13.5 SPLIT FILE

SPLIT FILE [{LAYERED, SEPARATE}] BY var_list.
SPLIT FILE OFF.

SPLIT FILE allows multiple sets of data present in one data file to be analyzed separately using single statistical procedure commands.

Specify a list of variable names to analyze multiple sets of data separately. Groups of adjacent cases having the same values for these variables are analyzed by statistical procedure commands as one group. An independent analysis is carried out for each group of cases, and the variable values for the group are printed along with the analysis.

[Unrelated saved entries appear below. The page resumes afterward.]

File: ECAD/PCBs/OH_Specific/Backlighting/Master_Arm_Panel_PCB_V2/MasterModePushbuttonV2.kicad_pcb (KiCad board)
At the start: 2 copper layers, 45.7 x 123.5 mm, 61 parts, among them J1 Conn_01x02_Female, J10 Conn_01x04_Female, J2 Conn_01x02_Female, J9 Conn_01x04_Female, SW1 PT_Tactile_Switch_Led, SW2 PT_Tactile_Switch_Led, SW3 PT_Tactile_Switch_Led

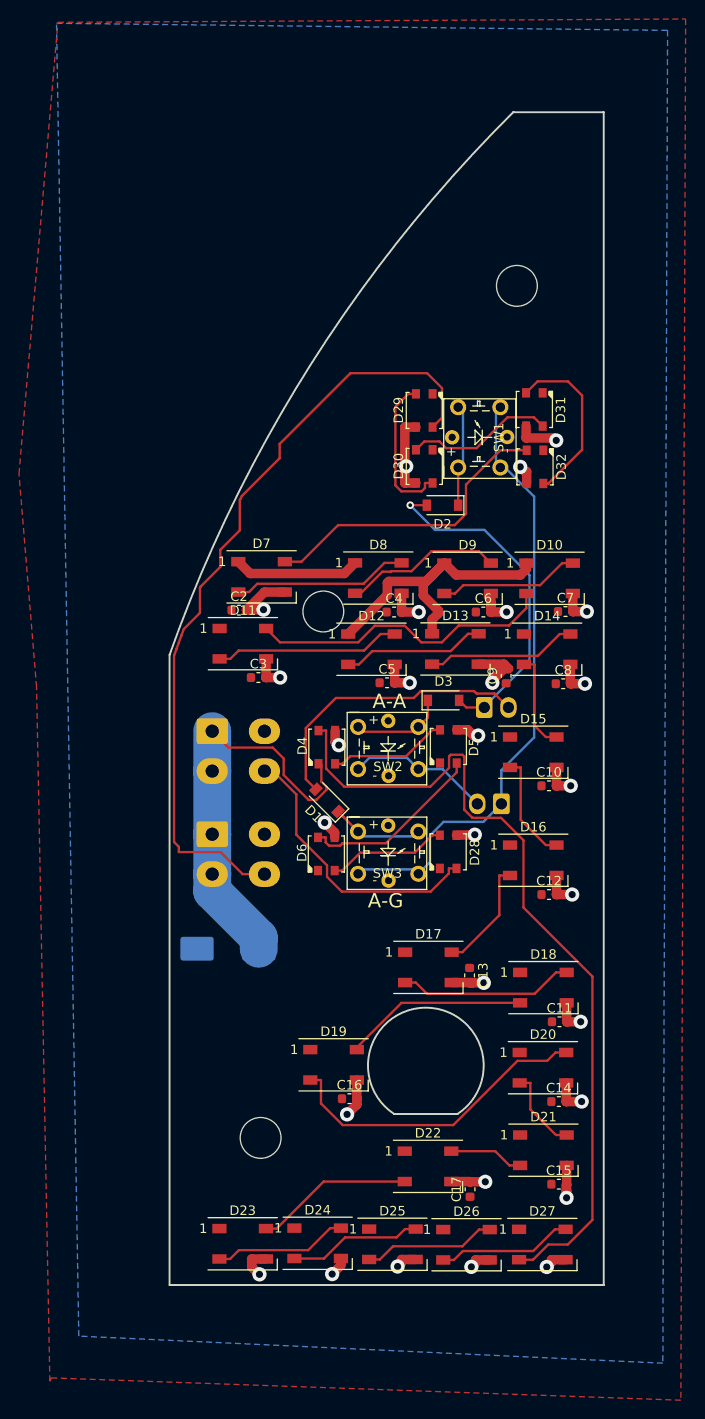
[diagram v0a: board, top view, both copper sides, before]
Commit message: Backlighting PCB Updates
Added - Master mode button mounting holes to Master Arm panel
Added - ECM Jett button mounting holes to ECM JETT panel.
Added - Silkscreens to VID RCD PCB
Added - Ready LED to VID RCD PCB
Added - Manufacturing files for VID RCD PCB
Added - Manufacturing files for SPIN RCVY PCB
Added - Manufacturing files for MASTER ARM PCB
Added - Manufacturing files for ECM JETT PCB
Added - Manufacturing files for HUD PCB
Added - Manufacturing files for DEFOG LEVER PCB
Added - Manufacturing files for AV COOL PCB
Added - Manufacturing files for LDG WING FOLD PCB
Added - Extra backlighting string port to power distro PCB
Added - External power input connector to power distro PCB if ATX PSU cannot provide enough 5V current.
Added - Fan voltage selector on power distro PCB
Changed - Power distro PCB is now a solid copper fill on both sides to improve voltage drop under load.
Changed - VID RCD panel connectors to mini-fit
Changed - VID RCD panel LED pads from solid to thermal relief.
Changed - ECM JETT panel LED pads from solid to thermal relief.
Changed - MASTER ARM panel LED pads from solid to thermal relief.
Changed - SPIN RCVY panel LED pads from solid to thermal relief.
Changed - INTR LT panel LED pads from solid to thermal relief.
Changed - AV COOL panel LED pads from solid to thermal relief.
Changed - LDG WING FOLD panel LED pads from solid to thermal relief.
Changed - HUD panel LED pads from solid to thermal relief.
Changed - HUD panel connectors to mini-fit
Changed - JETT STATION SELECT PLACARD PCB connector to mini-fit
Fixed - Fan headers on power distro PCB mis-wired.
Removed - 1 row of LEDs on DEFOG PCB to improve reparability.
Removed - Version 1 folder from repo when it is replaced with a version 2 folder.
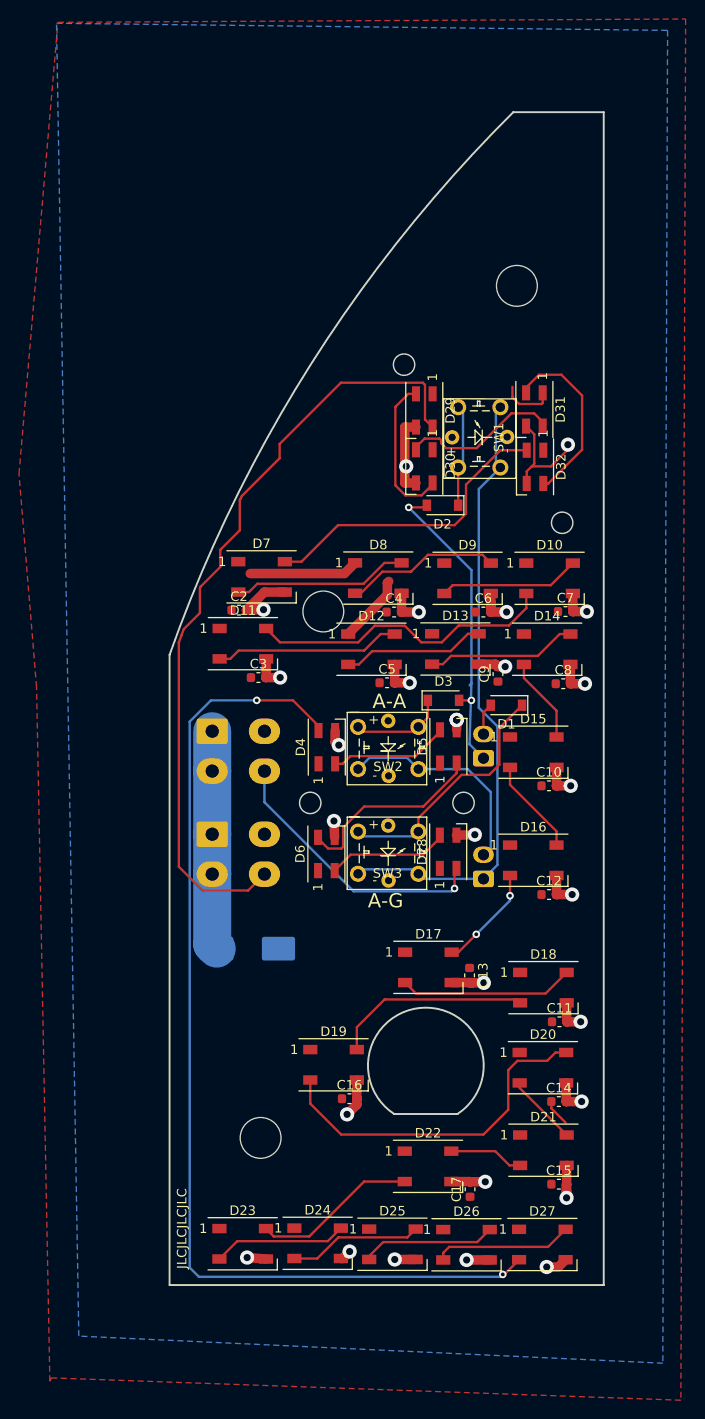
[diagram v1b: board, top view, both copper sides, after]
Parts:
- added G***: LOGO, OH_General:CC-BY-NC-SA-Small, B.Cu at (223.0, 70.4)
- D28, D29, D30, D31, D32, D4, D5, D6: footprint WS2812B:LED3535 -> LED_SMD:LED_SK6812MINI_PLCC4_3.5x3.5mm_P1.75mm
- moved D1 21.4 mm to (233.8, 91.5), turned to 180 degrees
- moved J2 8.12 mm to (231.4, 109.8), turned to 90 degrees
- moved J1 5.35 mm to (231.4, 97.1), turned to 90 degrees
- moved C1 2.07 mm to (206.5, 117.1), turned to 0 degrees
- moved C9 0.88 mm to (232.9, 88.2)
- renumbered G*** to G1
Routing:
- net /LED+5V: track 91.2 -> 50.4 mm
- net /Column2: track 30.6 -> 3.36 mm
- net Net-(D27-Pad2): track 87.9 -> 109.4 mm, vias 0 -> 2
- net Net-(D1-Pad1): track 9.76 -> 26.3 mm
- net /Row2: track 15.1 -> 22.9 mm
- net Net-(D19-Pad2): track 33.5 -> 36.8 mm
- net /Column1: track 36.2 -> 33.8 mm, vias 1 -> 2
- net Net-(D18-Pad2): track 19.4 -> 20.9 mm
- net Net-(D20-Pad2): track 8.86 -> 7.54 mm
- net Net-(D15-Pad2): track 11.5 -> 10.2 mm
- net Net-(D14-Pad2): track 10.4 -> 9.07 mm
- net Net-(D5-Pad2): track 19.4 -> 20.7 mm
- net /LEDGND: track 100.4 -> 99.2 mm
- net Net-(D30-Pad2): track 15.7 -> 16.9 mm
- net Net-(D16-Pad2): track 11.9 -> 11.0 mm, vias 0 -> 2
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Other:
- outline, holes or cut-outs redrawn
- board text added: "C1"
- board text added: "C2"
- board text added: "JLCJLCJLCJLC"
- board text added: "MASTER ARM Panel Backlight Designed by L. Walker"
- board text added: "R1"
- board text added: "R2"
- board text added: "SWITCH COL"
- board text added: "Version 2.1"
- board text removed: "Compatible with"
- board text removed: "F/A 18C Simulator MASTER ARM Panel Backlight Designed & Assembled in Australia L. Walker 2021"
- board text removed: "SW COL"
- board text removed: "Version 2.0"

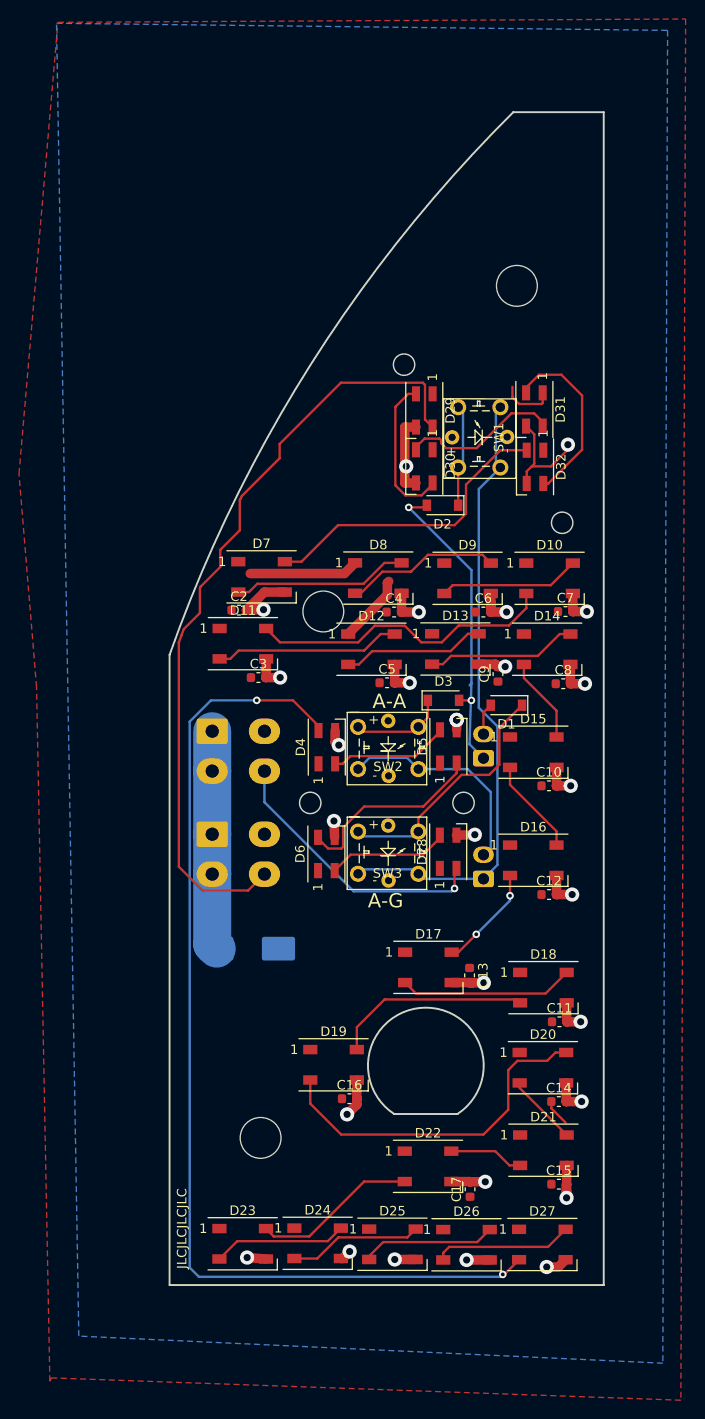
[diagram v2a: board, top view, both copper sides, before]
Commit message: Master Arm and Defog Lever PCB Bugfixes
Increased space between the 3535 pixel traces to cater for JLCPCB manufacturing tolerances. The current design shorted tracks that went between pads on the short edge of 3535 pixels to one of the pads.
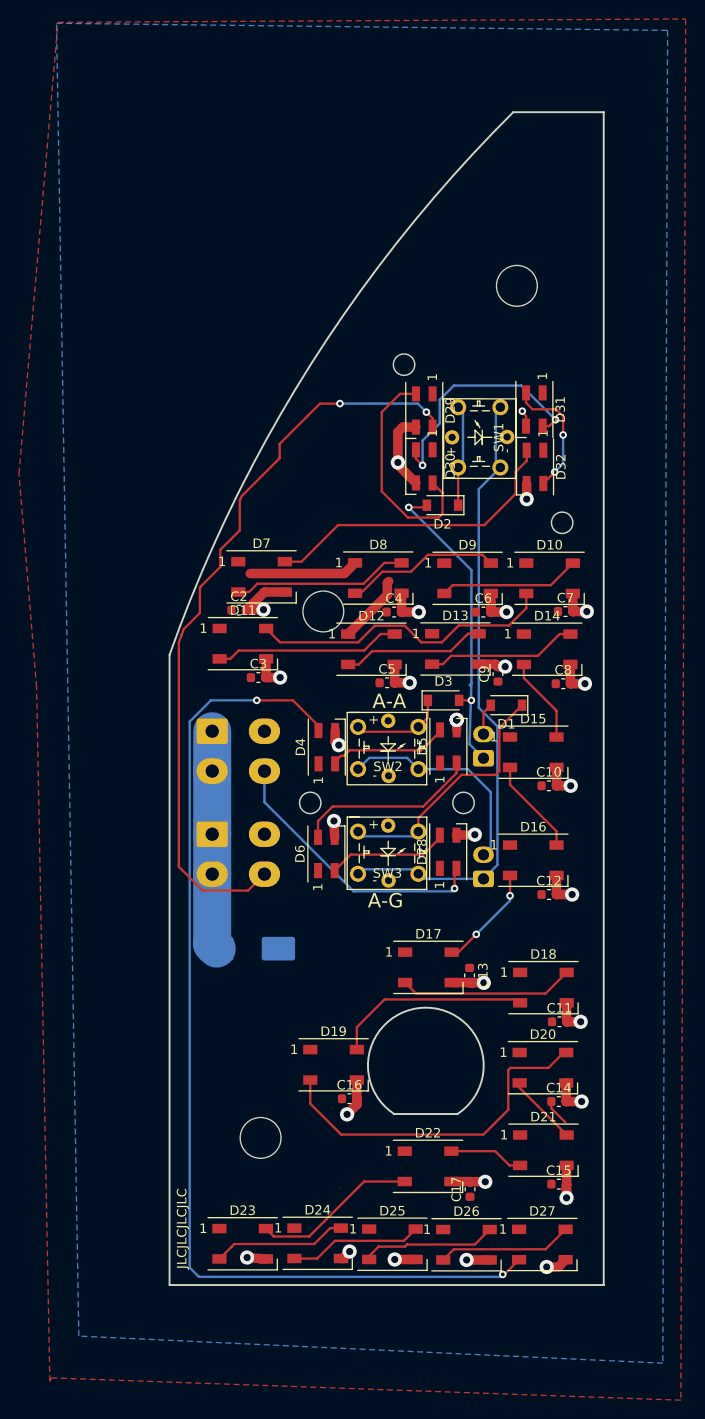
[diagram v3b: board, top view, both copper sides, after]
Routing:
- net Net-(D30-Pad2): track 16.9 -> 25.5 mm, vias 0 -> 2
- net /LEDGND: track 99.2 -> 90.7 mm, vias 28 -> 29
- net Net-(D29-Pad2): track 16.0 -> 24.1 mm
- net Net-(D31-Pad2): track 19.2 -> 13.5 mm, vias 0 -> 2
- net /LED+5V: track 50.4 -> 44.7 mm
- net /DATAIN: track 82.4 -> 78.9 mm, vias 0 -> 2
- net Net-(D5-Pad2): track 20.7 -> 19.5 mm

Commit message: Master Arm Update
Updated switch actuators and inserted new Master Mode PCB. Converted LEDs around indicator buttons to 2020 RGB and switches to Omron B3F-1026 tactiles to reduce footprint and increase the margins for the light path to the legends.
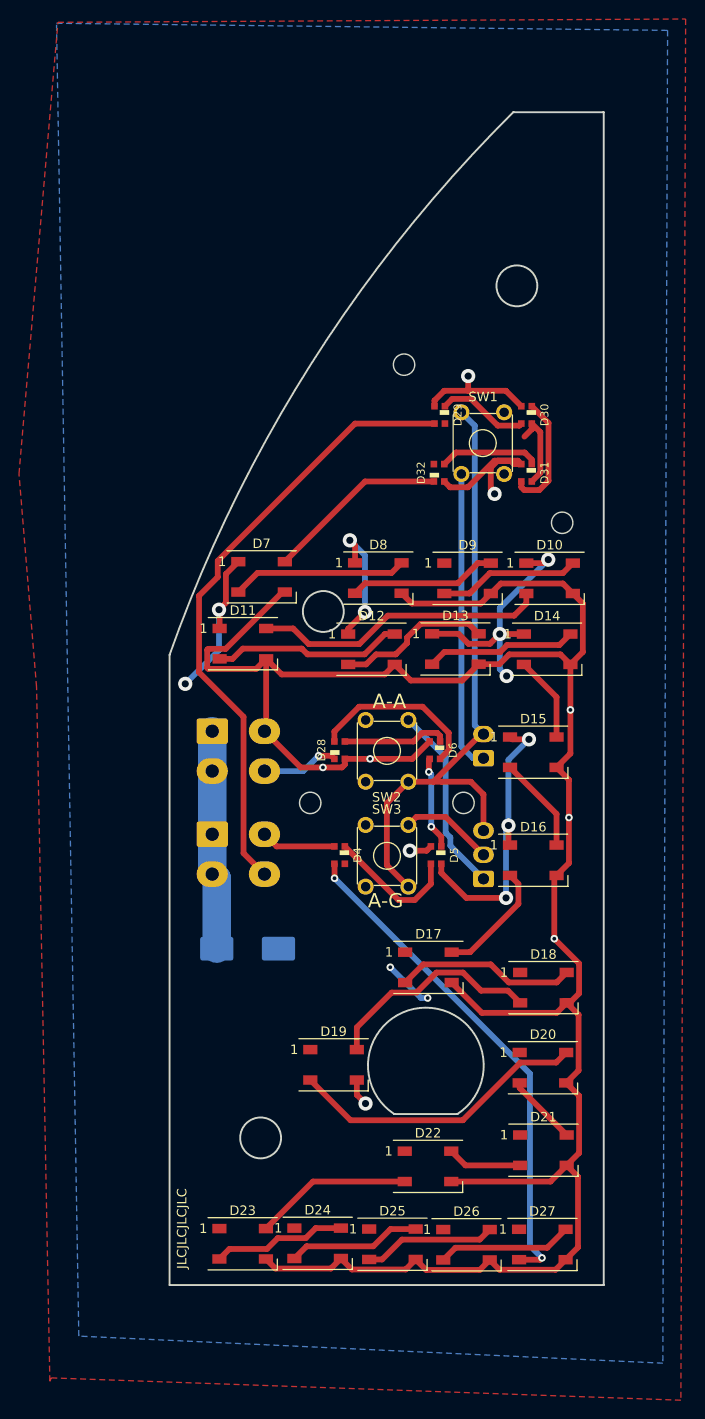
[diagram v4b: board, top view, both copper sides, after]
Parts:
- removed 1, 2, 3: OH_Panel_Fastner_Keepout, OH_Backlighting:OH_Panel_6-32_PHS
- removed C10, C11, C12, C13, C14, C15, C16, C17, C2, C3, C4, C5, C6, C7, C8, C9: C, Capacitor_SMD:C_0603_1608Metric
- removed D1, D2, D3: D, Diode_SMD:D_SOD-123
- removed G***: LOGO, OH_General:CC-BY-NC-SA-Small
- removed G***: LOGO, OH_General:OH_LOGO_37.7mm_5.9mm
- removed G1: LOGO, Kicad Footprint Files:S2ALToggle
- D28, D29, D30, D31, D32, D4, D5, D6: value WS2812B -> WS2812B-2020; footprint LED_SMD:LED_SK6812MINI_PLCC4_3.5x3.5mm_P1.75mm -> KiCAD Libraries:WS2812-2020
- J1: renamed from J9; value Conn_01x04_Female -> BL IN
- J2: renamed from J10; value Conn_01x04_Female -> BL OUT
- J3: renamed from J1; value Conn_01x02_Female -> READY
- J4: renamed from J2; value Conn_01x02_Female -> MASTER MODE; footprint Connector_Molex:Molex_KK-254_AE-6410-02A_1x02_P2.54mm_Vertical -> Connector_Molex:Molex_KK-254_AE-6410-03A_1x03_P2.54mm_Vertical
- SW1: value PT_Tactile_Switch_Led -> READY; footprint PT_Library_v001:PT_Small_Tactile_Switch_With_LED -> Button_Switch_THT:SW_TH_Tactile_Omron_B3F-10xx
- SW2: value PT_Tactile_Switch_Led -> A/A; footprint PT_Library_v001:PT_Small_Tactile_Switch_With_LED -> Button_Switch_THT:SW_TH_Tactile_Omron_B3F-10xx
- SW3: value PT_Tactile_Switch_Led -> A/G; footprint PT_Library_v001:PT_Small_Tactile_Switch_With_LED -> Button_Switch_THT:SW_TH_Tactile_Omron_B3F-10xx
- moved D6 15.8 mm to (226.2, 96.2)
- moved D28 15.7 mm to (216.2, 96.2), turned to 270 degrees
- moved D30 12.1 mm to (235.9, 60.9), turned to 90 degrees
- moved D5 11.5 mm to (226.4, 107.3)
- moved D4 11.4 mm to (216.2, 107.3)
- moved D32 10.1 mm to (226.7, 67.0)
- moved D31 6.72 mm to (235.9, 67.0), turned to 90 degrees
- moved SW1 4.32 mm to (229.0, 67.2)
- moved SW2 3.68 mm to (223.4, 93.1), turned to 270 degrees
- moved SW3 3.66 mm to (223.4, 104.1), turned to 270 degrees
- moved D29 1.69 mm to (226.8, 60.9), turned to 90 degrees
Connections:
- D28 pad 1: /LED+5V -> /DATAOUT
- D28 pad 2: /DATAOUT -> /LEDGND
- D28 pad 3: /LEDGND -> Net-(D28-Pad3)
- D28 pad 4: Net-(D28-Pad4) -> /LED+5V
- D29 pad 1: /LED+5V -> Net-(D29-Pad1)
- D29 pad 2: Net-(D29-Pad2) -> /LEDGND
- D29 pad 3: /LEDGND -> /DATAIN
- D29 pad 4: /DATAIN -> /LED+5V
- D30 pad 1: /LED+5V -> Net-(D30-Pad1)
- D30 pad 2: Net-(D30-Pad2) -> /LEDGND
- D30 pad 3: /LEDGND -> Net-(D29-Pad1)
- D30 pad 4: Net-(D29-Pad2) -> /LED+5V
- D31 pad 1: /LED+5V -> Net-(D31-Pad1)
- D31 pad 2: Net-(D31-Pad2) -> /LEDGND
- D31 pad 3: /LEDGND -> Net-(D30-Pad1)
- D31 pad 4: Net-(D30-Pad2) -> /LED+5V
- D32 pad 1: /LED+5V -> Net-(D32-Pad1)
- D32 pad 2: Net-(D32-Pad2) -> /LEDGND
- D32 pad 3: /LEDGND -> Net-(D31-Pad1)
- D32 pad 4: Net-(D31-Pad2) -> /LED+5V
- D4 pad 1: /LED+5V -> Net-(D4-Pad1)
- D4 pad 2: Net-(D4-Pad2) -> /LEDGND
- D4 pad 3: /LEDGND -> Net-(D27-Pad2)
- D4 pad 4: Net-(D27-Pad2) -> /LED+5V
- D5 pad 1: /LED+5V -> Net-(D5-Pad1)
- D5 pad 2: Net-(D5-Pad2) -> /LEDGND
- D5 pad 3: /LEDGND -> Net-(D4-Pad1)
- D5 pad 4: Net-(D4-Pad2) -> /LED+5V
- D6 pad 1: /LED+5V -> Net-(D28-Pad3)
- D6 pad 2: Net-(D28-Pad4) -> /LEDGND
- D6 pad 3: /LEDGND -> Net-(D5-Pad1)
- D6 pad 4: Net-(D5-Pad2) -> /LED+5V
- D7 pad 4: Net-(D32-Pad2) -> Net-(D32-Pad1)
- J3 pad 1: /Column1 -> /READY_SW
- J3 pad 2: /Column2 -> GND
- J4 pad 1: /Row1 -> /AA_SW
- J4 pad 2: /Row2 -> /AG_SW
- SW1 pad 1: Net-(D2-Pad1) -> /READY_SW
- SW1 pad 2: Net-(D2-Pad1) -> GND
- SW1 pad 3: /Row1 -> (no net)
- SW1 pad 4: /Row1 -> (no net)
- SW2 pad 1: Net-(D3-Pad1) -> /AA_SW
- SW2 pad 2: Net-(D3-Pad1) -> GND
- SW2 pad 3: /Row2 -> (no net)
- SW2 pad 4: /Row2 -> (no net)
- SW3 pad 1: Net-(D1-Pad1) -> /AG_SW
- SW3 pad 2: Net-(D1-Pad1) -> GND
- SW3 pad 3: /Row1 -> (no net)
- SW3 pad 4: /Row1 -> (no net)
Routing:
- net /LEDGND: track 90.7 -> 284.6 mm, vias 29 -> 9
- net /LED+5V: track 44.7 -> 144.8 mm, vias 0 -> 12
- net GND: track 0.00 -> 67.4 mm
- net /Row1: track 66.8 -> 0.00 mm
- net Net-(D27-Pad2): track 109.4 -> 53.0 mm
- net /Column1: track 33.8 -> 0.00 mm, vias 2 -> 0
- net Net-(D32-Pad2): track 32.3 -> 0.00 mm
- net /READY_SW: track 0.00 -> 31.5 mm
- net Net-(D1-Pad1): track 26.7 -> 0.00 mm
- net Net-(D30-Pad2): track 25.5 -> 0.00 mm, vias 2 -> 0
- net Net-(D29-Pad2): track 24.1 -> 0.00 mm
- net /Row2: track 22.9 -> 0.00 mm
- net /DATAOUT: track 29.5 -> 8.17 mm
- net /AA_SW: track 0.00 -> 20.0 mm
- net Net-(D5-Pad2): track 19.5 -> 0.00 mm
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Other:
- outline, holes or cut-outs redrawn
- board text added: "A/A"
- board text added: "A/G"
- board text added: "GND"
- board text added: "MASTER MODE"
- board text added: "RDY"
- board text added: "READY SW"
- board text added: "Version 2.2"
- board text removed: "C1"
- board text removed: "C2"
- board text removed: "R1"
- board text removed: "R2"
- board text removed: "SWITCH COL"
- board text removed: "SWITCH ROW"
- board text removed: "Version 2.1"

When a list of variable names is specified, one of the keywords LAYERED or SEPARATE may also be specified. With LAYERED, which is the default, the separate analyses for each group are presented together in a single table. With SEPARATE, each analysis is presented in a separate table. Not all procedures honor the distinction.

Groups are formed only by adjacent cases. To create a split using a variable where like values are not adjacent in the working file, first sort the data by that variable (see SORT CASES).

Specify OFF to disable SPLIT FILE and resume analysis of the entire active dataset as a single group of data.

When SPLIT FILE is specified after TEMPORARY, it affects only the next procedure (see TEMPORARY).

13.5.1 Example Split

The file horticulture.sav contains data describing the yield of a number of horticultural specimens which have been subjected to various treatments. If we wanted to investigate linear statistics of the yeild, one way to do this is using the DESCRIPTIVES (see DESCRIPTIVES). However, it is reasonable to expect the mean to be different depending on the treatment. So we might want to perform three separate procedures — one for each treatment. 5 Example 13.2 shows how this can be done automatically using the SPLIT FILE command.

get file='horticulture.sav'.

* Ensure cases are sorted before splitting.
sort cases by treatment.

split file by treatment.

* Run descriptives on the yield variable
descriptives /variable = yield.

Example 13.2: Running DESCRIPTIVES on each value of treatment

In Example 13.3 you can see that the table of descriptive statistics appears 3 times — once for each value of treatment. In this example ‘N’, the number of observations are identical in all splits. This is because that experiment was deliberately designed that way. However in general one can expect a different ‘N’ for each split.

Split Values
Variable Value
treatment control
Descriptive Statistics
N Mean Std Dev Minimum Maximum
yield 30 51.23 8.28 37.86 68.59
Valid N (listwise) 30
Missing N (listwise) 0
Split Values
Variable Value
treatment conventional
Descriptive Statistics
N Mean Std Dev Minimum Maximum
yield 30 53.57 8.92 36.30 70.66
Valid N (listwise) 30
Missing N (listwise) 0
Split Values
Variable Value
treatment traditional
Descriptive Statistics
N Mean Std Dev Minimum Maximum
yield 30 56.87 8.88 39.08 75.93
Valid N (listwise) 30
Missing N (listwise) 0

Example 13.3: The results of running DESCRIPTIVES with an active split

Unless TEMPORARY was used, after a split has been defined for a dataset it remains active until explicitly disabled. In the graphical user interface, the active split variable (if any) is displayed in the status bar (see Screenshot 13.1. If a dataset is saved to a system file (see SAVE) whilst a split is active, the split stastus is stored in the file and will be automatically loaded when that file is loaded.

screenshots/split-status-bar-ad

Screenshot 13.1: The status bar indicating that the data set is split using the treatment variable


Footnotes

(5)

There are other, possibly better, ways to achieve a similar result using the MEANS or EXAMINE commands.